Hunted
- First edition
- Author: James Alan Gardner
- Cover artist: Greg Bridges
- Language: English
- Series: League of Peoples
- Genre: Science fiction
- Publisher: Eos
- Publication date: 2000
- Publication place: Canada
- Media type: Print (Hardcover, Paperback)
- Pages: 432
- ISBN: 978-0-380-80209-8
- OCLC: 44587573
- LC Class: CPB Box no. 1862 vol. 6
- Preceded by: Vigilant
- Followed by: Ascending

= Hunted (Gardner novel) =

2000 novel by James Alan Gardner

Hunted is a science fiction novel written by Canadian author James Alan Gardner, and published in the year 2000 by HarperCollins Publishers under its various imprints.
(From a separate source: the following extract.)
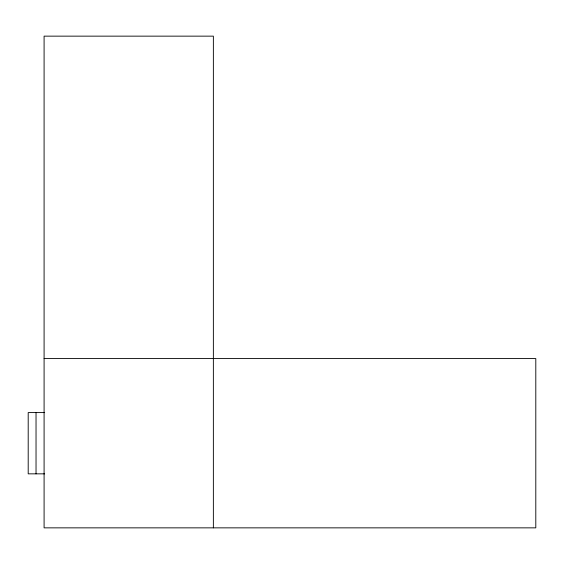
<?xml version="1.0" encoding="UTF-8"?>
<svg xmlns="http://www.w3.org/2000/svg" width="564" height="564" viewBox="0 0 564 564"><rect width="100%" height="100%" fill="white"/><g stroke="black" fill="none" stroke-linecap="round" stroke-linejoin="round"><path stroke-width="0.85" d="M44.091 358.577L535.8 358.577L535.8 527.855L44.091 527.855L44.091 36.145L213.368 36.145L213.368 527.855M44.662 412.587L28.2 412.587L28.2 473.845L44.662 473.845M36.033 412.587L36.033 473.845"/></g></svg>
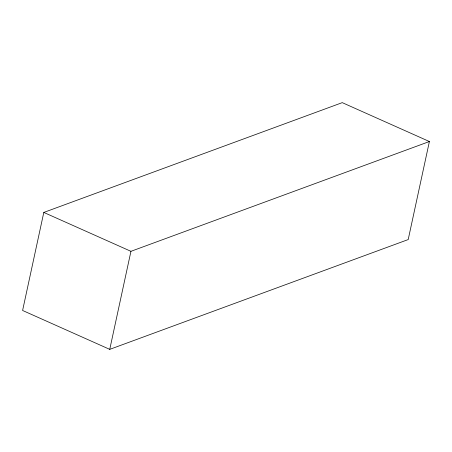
<?xml version="1.0" encoding="UTF-8"?>
<svg xmlns="http://www.w3.org/2000/svg" width="452" height="452" viewBox="0 0 452 452"><rect width="100%" height="100%" fill="white"/><g stroke="black" fill="none" stroke-linecap="round" stroke-linejoin="round"><path stroke-width="0.68" d="M43.799 212.434L22.6 310.473L109.746 349.362L408.201 239.566L429.4 141.527L342.254 102.638L43.799 212.434L130.939 251.323L429.4 141.527M109.746 349.362L130.939 251.323"/></g></svg>

The novel is the fourth in Gardner's "League of Peoples" series, after Expendable (1997), Commitment Hour (1998), and Vigilant (1999).

==Synopsis==

When new Explorer Corps recruit Edward York arrives on board the starship Willow, he abruptly becomes its sole survivor: everyone else simultaneously drops dead, executed by the near-omnipotent League of Peoples for violating its rule that anyone without sufficient respect for life is not allowed to travel between solar systems.

Alone on a ship full of corpses, Edward discovers a complex plot involving the alien Mandasars, in whose decades-long civil war he had a cryptic role.

==Reception==
At the SF Site, Rich Horton considered it "a very fun novel to read" and a "compelling adventure story", but faulted it for overreliance on deus ex machina in its conclusion.